= Gene Callahan =

American art director (1923–1990)

Gene Callahan (November 7, 1923—December 26, 1990) was an American art director as well as set and production designer who contributed to over fifty films and more than a thousand TV episodes. He received nominations for the British Academy Film Award and four Oscars, including two wins (in 1962 and 1964).

==Biography==
A native of Louisiana, Eugene F. Callahan had a lifelong association with the state. He kept a home in the capital, Baton Rouge, where he began his designing career in the 1940s as a student at Louisiana State University, and his penultimate film assignment was as production designer on Steel Magnolias, lensed in Natchitoches in 1989.

Callahan was a prolific contributor to early television, starting with the first full-schedule broadcast season in 1948–49. He worked on numerous live shows during TV's Golden Age and continued with filmed episodes through the late 1950s and early 60s. His first film as set decorator was 1959's The Fugitive Kind, and his fourth assignment, 1961's black-and-white The Hustler brought him his first Academy Award. 1964 was a banner year for him with two Oscar nominations—The Cardinal in the color category and America America in the category of black-and-white films, with the latter winning him his second Oscar. Unlike the 1962 win for The Hustler, which he shared with production designer Harry Horner or his shared nomination for The Cardinal with production designer Lyle R. Wheeler, the award for America America, was his alone. Elia Kazan's acclaimed epic set in turn-of-the-century Greece and Turkey was nominated for Best Picture and Best Director, but it was Callahan's epic production values that won the film's only Oscar.

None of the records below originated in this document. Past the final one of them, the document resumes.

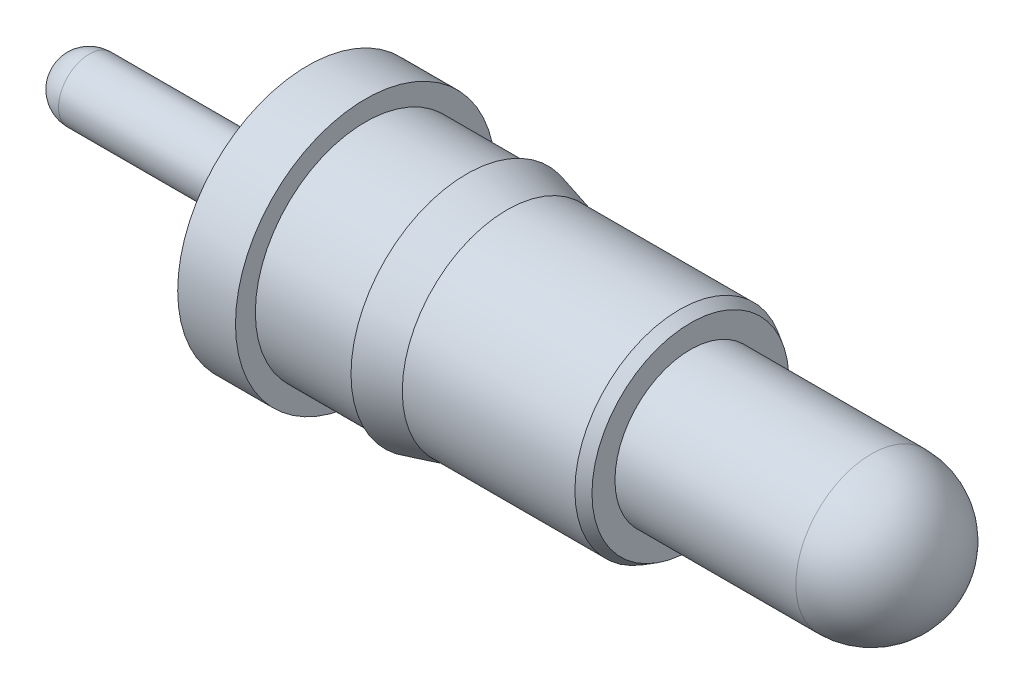
from build123d import *


with BuildPart() as part:
    # Sketch1 → Revolve1 (revolve)
    with BuildSketch(Plane.XY, mode=Mode.PRIVATE) as revolve1_sk:
        with BuildLine():
            Line((0, 0), (6.2484, 0))
            ThreePointArc((6.2484, 0), (6.092914706, 0.375374706), (5.71754, 0.53086))
            Line((5.71754, 0.53086), (4.445, 0.53086))
            Line((4.445, 0.53086), (4.445, 0.692605909))
            Line((4.445, 0.692605909), (4.3688, 0.7366))
            Line((4.3688, 0.7366), (3.154582272, 0.7366))
            Line((3.154582272, 0.7366), (2.8702, 0.8128))
            Line((2.8702, 0.8128), (2.8702, 0.7747))
            Line((2.8702, 0.7747), (2.159, 0.7747))
            Line((2.159, 0.7747), (2.159, 0.9144))
            Line((2.159, 0.9144), (1.7526, 0.9144))
            Line((1.7526, 0.9144), (1.7526, 0.2921))
            ThreePointArc((1.7526, 0.2921), (1.730281537, 0.238218463), (1.6764, 0.2159))
            Line((1.6764, 0.2159), (0.2159, 0.2159))
            ThreePointArc((0.2159, 0.2159), (0.063235646, 0.152664354), (0, 0))
        make_face()
    revolve(revolve1_sk.sketch.rotate(Axis((0, 0, 0), (1, 0, 0)), 90), axis=Axis((0, 0, 0), (1, 0, 0)))


solid = part.part
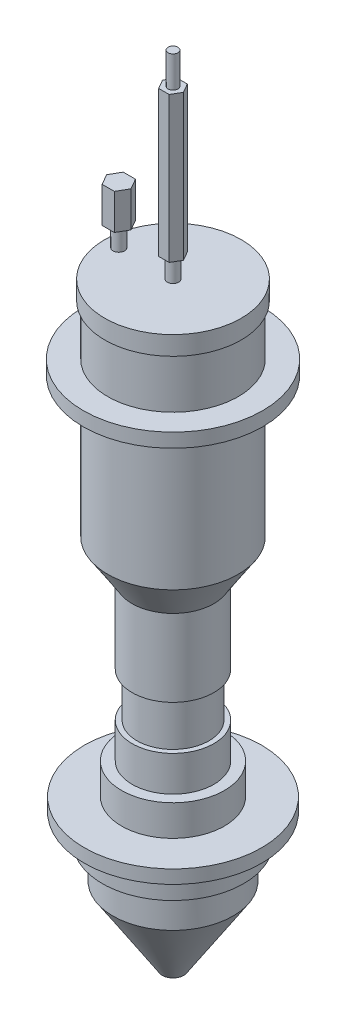
from build123d import *

# Parameters (mm, degrees)
SKETCH_2_R      = 4
EXTRUDE_1_DEPTH = 15
EXTRUDE_2_DEPTH = 102
SKETCH_4_R      = 3.42
EXTRUDE_3_DEPTH = 22
EXTRUDE_4_DEPTH = 25


with BuildPart() as part:
    # 草图1 → 旋转1 (revolve)
    with BuildSketch(Plane.XY, mode=Mode.PRIVATE) as revolve_1_sk:
        Polygon((0, 0), (7.5, 0), (42.09, 53.35), (42.09, 76.73), (49.525, 76.73), (49.525, 95.5), (62.215, 95.5), (62.215, 104.91), (36.02, 104.91), (36.02, 126.55), (28.645, 126.55), (28.645, 151.31), (25.25, 151.31), (25.25, 182.28), (28.645, 182.28), (28.645, 236.27), (45.765, 262.67), (45.765, 360.73), (62.835, 360.73), (62.835, 370.54), (45.765, 370.54), (45.765, 405.93), (47.82, 405.93), (47.82, 419.14), (0, 419.14), align=None)
    revolve(revolve_1_sk.sketch.rotate(Axis((0, 0, 0), (0, 1, 0)), 90), axis=Axis((0, 0, 0), (0, 1, 0)))

    # 草图2 → 凸台-拉伸1 (add)
    with BuildSketch(Plane(origin=(0, 419.14, 0), x_dir=(1, 0, 0), z_dir=(0, 1, 0))):
        with Locations(Location((0, 0, 0), (0, 0, 270))):
            Circle(SKETCH_2_R)
        with Locations(Location((-38, 0, 0), (0, 0, 270))):
            Circle(SKETCH_2_R)
    extrude(amount=EXTRUDE_1_DEPTH)

    # 草图3 → 凸台-拉伸2 (add)
    with BuildSketch(Plane(origin=(0, 434.14, 0), x_dir=(1, 0, 0), z_dir=(0, 1, 0))):
        Polygon((3.674834463, -6.365), (7.349668927, 0), (3.674834463, 6.365), (-3.674834463, 6.365), (-7.349668927, 0), (-3.674834463, -6.365), align=None)
    extrude(amount=EXTRUDE_2_DEPTH)

    # 草图4 → 凸台-拉伸3 (add)
    with BuildSketch(Plane(origin=(0, 536.14, 0), x_dir=(1, 0, 0), z_dir=(0, 1, 0))):
        with Locations(Location((0, 0, 0), (0, 0, 270))):
            Circle(SKETCH_4_R)
    extrude(amount=EXTRUDE_3_DEPTH)

    # 草图5 → 凸台-拉伸4 (add)
    with BuildSketch(Plane(origin=(0, 434.14, 0), x_dir=(1, 0, 0), z_dir=(0, 1, 0))):
        Polygon((-29.449442513, 0), (-33.724721257, 7.405), (-42.275278743, 7.405), (-46.550557487, 0), (-42.275278743, -7.405), (-33.724721257, -7.405), align=None)
    extrude(amount=EXTRUDE_4_DEPTH)


solid = part.part
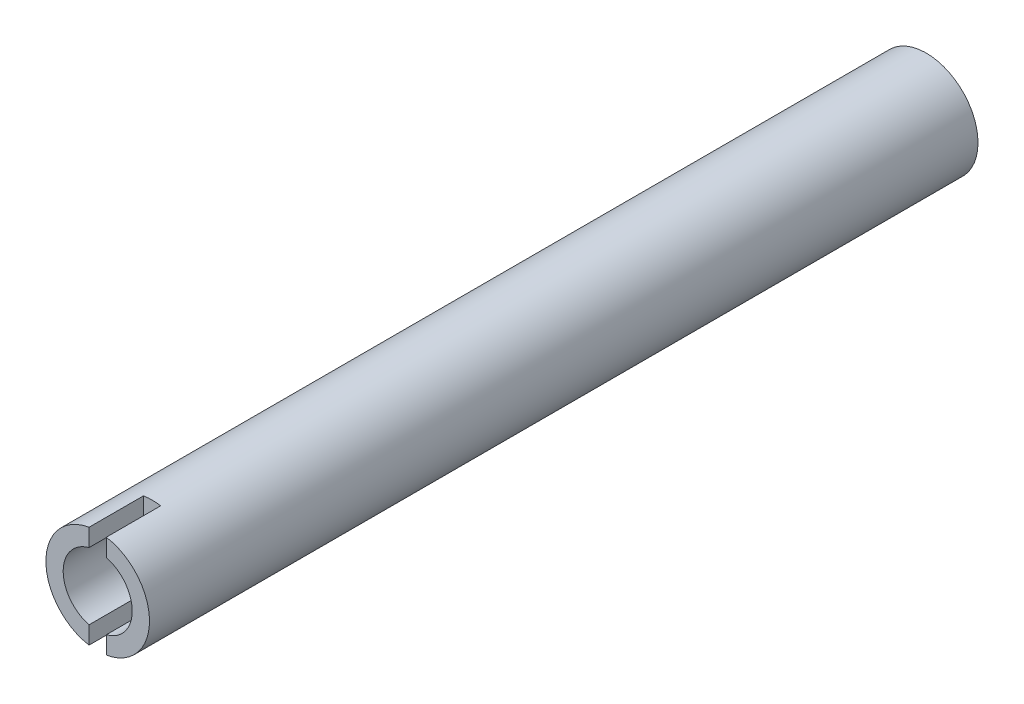
from build123d import *

# Parameters (mm, degrees)
SKETCH1_R           = 9.525
SKETCH1_R_2         = 6.35
BOSS_EXTRUDE1_DEPTH = 152.4
SKETCH2_W           = 3.175
SKETCH2_H           = 25.179063452
CUT_EXTRUDE1_DEPTH  = 10


with BuildPart() as part:
    # Sketch1 → Boss-Extrude1 (new body)
    with BuildSketch(Plane.XY):
        Circle(SKETCH1_R)
        Circle(SKETCH1_R_2, mode=Mode.SUBTRACT)
    extrude(amount=BOSS_EXTRUDE1_DEPTH)

    # Sketch2 → Cut-Extrude1 (cut)
    with BuildSketch(Plane.XY.offset(152.4)):
        Rectangle(SKETCH2_W, SKETCH2_H)
    extrude(amount=-CUT_EXTRUDE1_DEPTH, mode=Mode.SUBTRACT)


solid = part.part
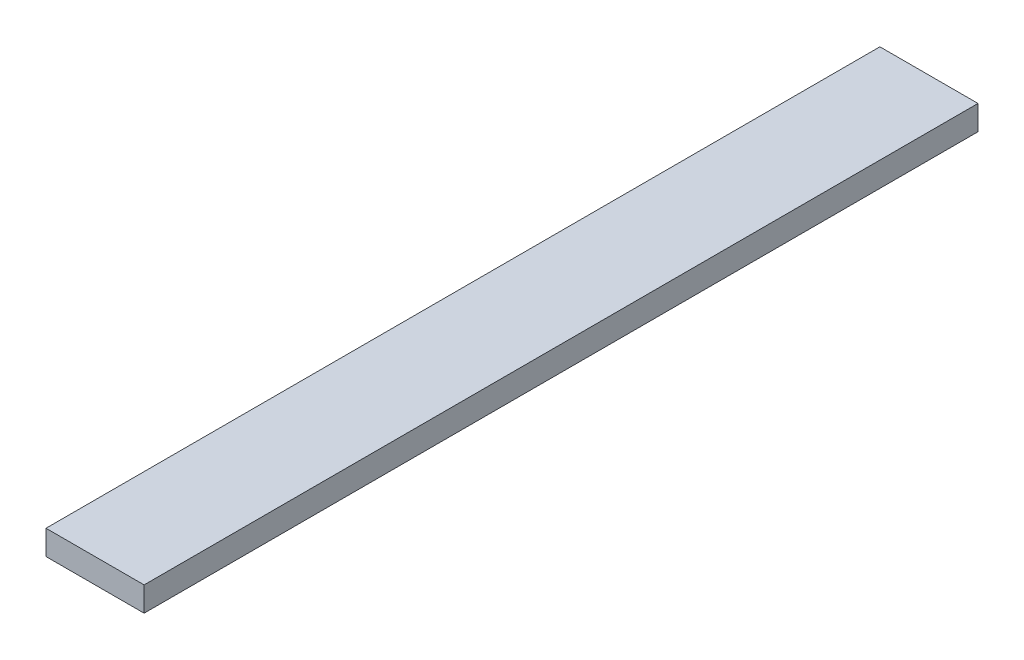
from build123d import *

# Parameters (mm, degrees)
SZKIC1_W                    = 20
SZKIC1_H                    = 170
DODANIE_WYCI_GNI_CIE1_DEPTH = 5


with BuildPart() as part:
    # Szkic1 → Dodanie-wyciągnięcie1 (new body)
    with BuildSketch(Plane(origin=(0, 0, 0), x_dir=(1, 0, 0), z_dir=(0, 1, 0))):
        Rectangle(SZKIC1_W, SZKIC1_H)
    extrude(amount=DODANIE_WYCI_GNI_CIE1_DEPTH)


solid = part.part
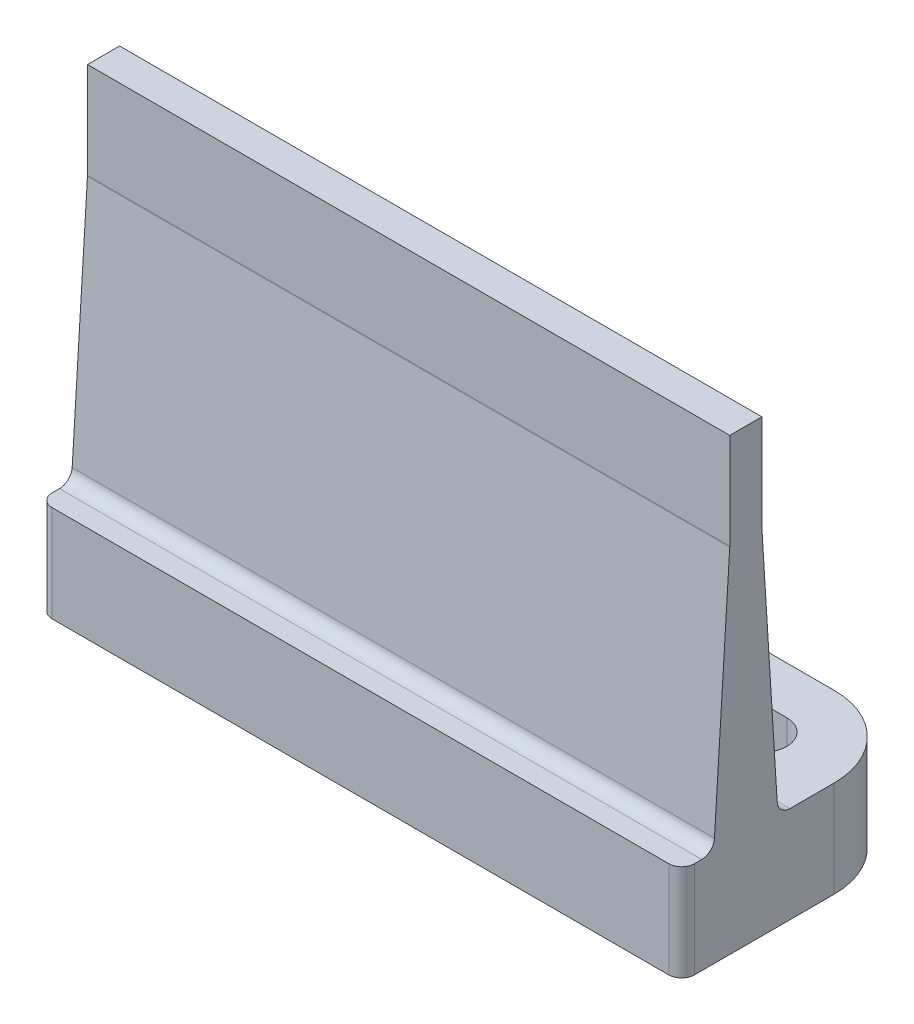
from build123d import *

# Parameters (mm, degrees)
BOSS_EXTRUDE1_DEPTH = 20
CUT_EXTRUDE1_REACH  = 33.532
FILLET1_R           = 5
FILLET2_R           = 0.79375


with BuildPart() as part:
    # Sketch1 → Boss-Extrude1 (new, symmetric)
    with BuildSketch(Plane(origin=(0, 0, 0), x_dir=(0, 0, -1), z_dir=(1, 0, 0))):
        Polygon((-4, 0), (10.5, 0), (10.5, 6), (2, 6), (1, 22), (1, 28), (-1, 28), (-1, 22), (-2, 6), (-4, 6), align=None)
    extrude(amount=BOSS_EXTRUDE1_DEPTH, both=True)

    # Sketch4 → Cut-Extrude1 (cut, up to next)
    with BuildSketch(Plane(origin=(0, 6, 0), x_dir=(1, 0, 0), z_dir=(0, 1, 0)), mode=Mode.PRIVATE) as cut_extrude1_sk1:
        with BuildLine():
            Line((-15, 7.55), (-5, 7.55))
            ThreePointArc((-5, 7.55), (-3.45, 6), (-5, 4.45))
            Line((-5, 4.45), (-15, 4.45))
            ThreePointArc((-15, 4.45), (-16.55, 6), (-15, 7.55))
        make_face()
    cut_extrude1_tool1 = extrude(cut_extrude1_sk1.sketch, amount=-CUT_EXTRUDE1_REACH, mode=Mode.PRIVATE) & part.part
    # Sketch4 → Cut-Extrude1 (cut, up to next)
    with BuildSketch(Plane(origin=(0, 6, 0), x_dir=(1, 0, 0), z_dir=(0, 1, 0)), mode=Mode.PRIVATE) as cut_extrude1_sk2:
        with BuildLine():
            Line((5, 7.55), (15, 7.55))
            ThreePointArc((15, 7.55), (16.55, 6), (15, 4.45))
            Line((15, 4.45), (5, 4.45))
            ThreePointArc((5, 4.45), (3.45, 6), (5, 7.55))
        make_face()
    cut_extrude1_tool2 = extrude(cut_extrude1_sk2.sketch, amount=-CUT_EXTRUDE1_REACH, mode=Mode.PRIVATE) & part.part
    add(cut_extrude1_tool1.solids().sort_by_distance((-10, 6, -6))[0], mode=Mode.SUBTRACT)
    add(cut_extrude1_tool2.solids().sort_by_distance((10, 6, -6))[0], mode=Mode.SUBTRACT)

    # Fillet1
    fillet1_edges = [part.edges().sort_by_distance(p)[0] for p in [
        (20, 3, -10.5),
        (-20, 3, -10.5),
    ]]
    fillet(fillet1_edges, radius=FILLET1_R)

    # Fillet2
    fillet2_edges = [part.edges().sort_by_distance(p)[0] for p in [
        (-20, 3, 4),
        (0, 6, 2),
        (0, 22, 1),
        (0, 22, -1),
        (0, 6, -2),
        (20, 3, 4),
    ]]
    fillet(fillet2_edges, radius=FILLET2_R)


solid = part.part
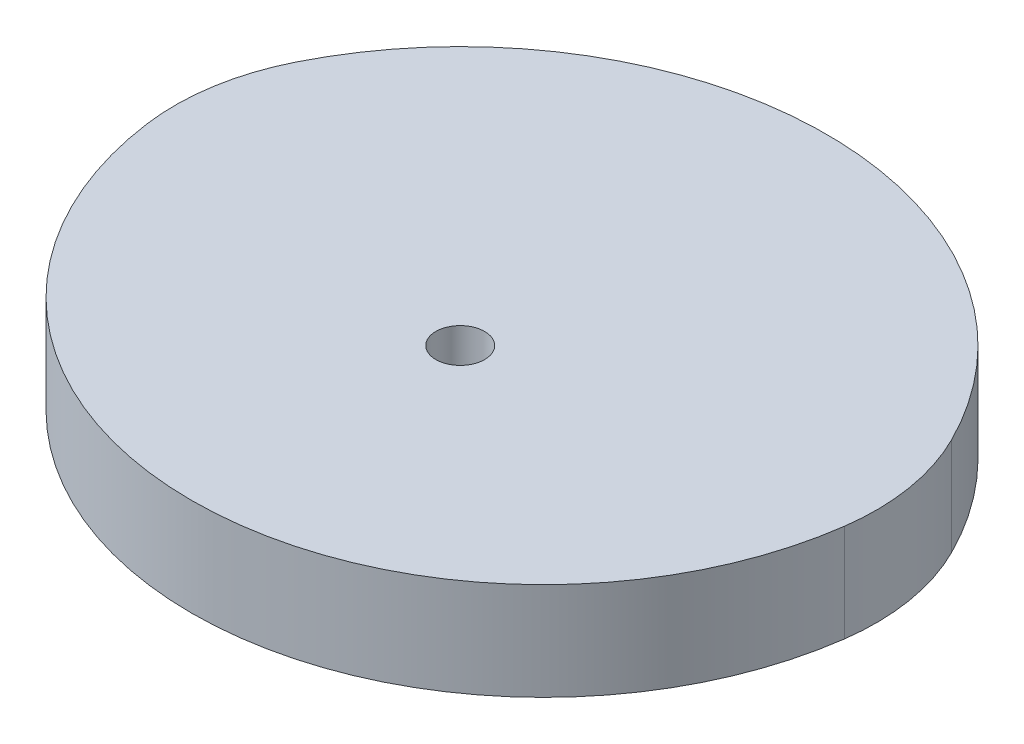
from build123d import *

# Parameters (mm, degrees)
SKETCH_1_R          = 5
EXTRUDE_3_DEPTH     = 20
CUT_EXTRUDE_2_DEPTH = 10


with BuildPart() as part:
    # 草图1 → 凸台-拉伸3 (new body)
    with BuildSketch(Plane(origin=(0, 0, 0), x_dir=(1, 0, 0), z_dir=(0, 1, 0))):
        with BuildLine():
            ThreePointArc((71.418701356, 7.325529194), (71.229458894, 20.760662474), (67.082039325, 33.541019662))
            ThreePointArc((67.082039325, 33.541019662), (0, 75), (-67.082039325, 33.541019662))
            ThreePointArc((-67.082039325, 33.541019662), (-71.229458894, 20.760662474), (-71.418701356, 7.325529194))
            ThreePointArc((-71.418701356, 7.325529194), (0, -55), (71.418701356, 7.325529194))
        make_face()
        Circle(SKETCH_1_R, mode=Mode.SUBTRACT)
    extrude(amount=EXTRUDE_3_DEPTH)

    # 草图1<4> → 切除-拉伸2 (cut)
    with BuildSketch(Plane(origin=(0, 0, 0), x_dir=(1, 0, 0), z_dir=(0, 1, 0))):
        with BuildLine():
            ThreePointArc((66.464714064, 8.002293491), (66.296498543, 19.944634184), (62.60990337, 31.304951685))
            ThreePointArc((62.60990337, 31.304951685), (0, 70), (-62.60990337, 31.304951685))
            ThreePointArc((-62.60990337, 31.304951685), (-66.296498543, 19.944634184), (-66.464714064, 8.002293491))
            ThreePointArc((-66.464714064, 8.002293491), (0, -50), (66.464714064, 8.002293491))
        make_face()
        with BuildLine():
            ThreePointArc((46.648764897, 10.709350678), (0, -30), (-46.648764897, 10.709350678))
            ThreePointArc((-46.648764897, 10.709350678), (-46.564657136, 16.680521024), (-44.72135955, 22.360679775))
            ThreePointArc((-44.72135955, 22.360679775), (0, 50), (44.72135955, 22.360679775))
            ThreePointArc((44.72135955, 22.360679775), (46.564657136, 16.680521024), (46.648764897, 10.709350678))
        make_face(mode=Mode.SUBTRACT)
    extrude(amount=CUT_EXTRUDE_2_DEPTH, mode=Mode.SUBTRACT)


solid = part.part

Gene Callahan's professional relationship with Elia Kazan began two years before America America and extended to four of Kazan's final five films. The first title, 1961's Splendor in the Grass, which introduced Warren Beatty to the screen and won an Oscar for William Inge's screenplay, credited Callahan as the set decorator. Eight years later, he was the production designer for Kazan's next film after America, America, 1969's The Arrangement, which received almost entirely negative reviews and no Oscar nominations. He did not work on Kazan's next production, 1972's The Visitors, another poorly accepted title, but five years later, in 1977, there was one more Oscar nomination for Gene Callahan. The Last Tycoon, Elia Kazan's final directorial effort assigned him the task of recreating 1920s Hollywood as it was portrayed in F. Scott Fitzgerald's last, unfinished novel which reimagined the period setting and its driven, doomed protagonist, an Irving Thalberg-like movie producer, portrayed by Robert De Niro. The nomination (shared with art director Jack T. Collis and set decorator Jerry Wunderlich) was the only one given by the Academy to the film, which in addition to a mixture of good, tepid and negative reviews, was burdened by weak publicity and box office returns.

Gene Callahan died of a heart attack at his home in Baton Rouge, seven weeks after his 67th birthday. His final film, The Man in the Moon, a touching coming-of-age story filmed, as in the case of Steel Magnolias, in Natchitoches as well as Louisiana's Kisatchie National Forest, was released in October 1991, nearly a year after his death.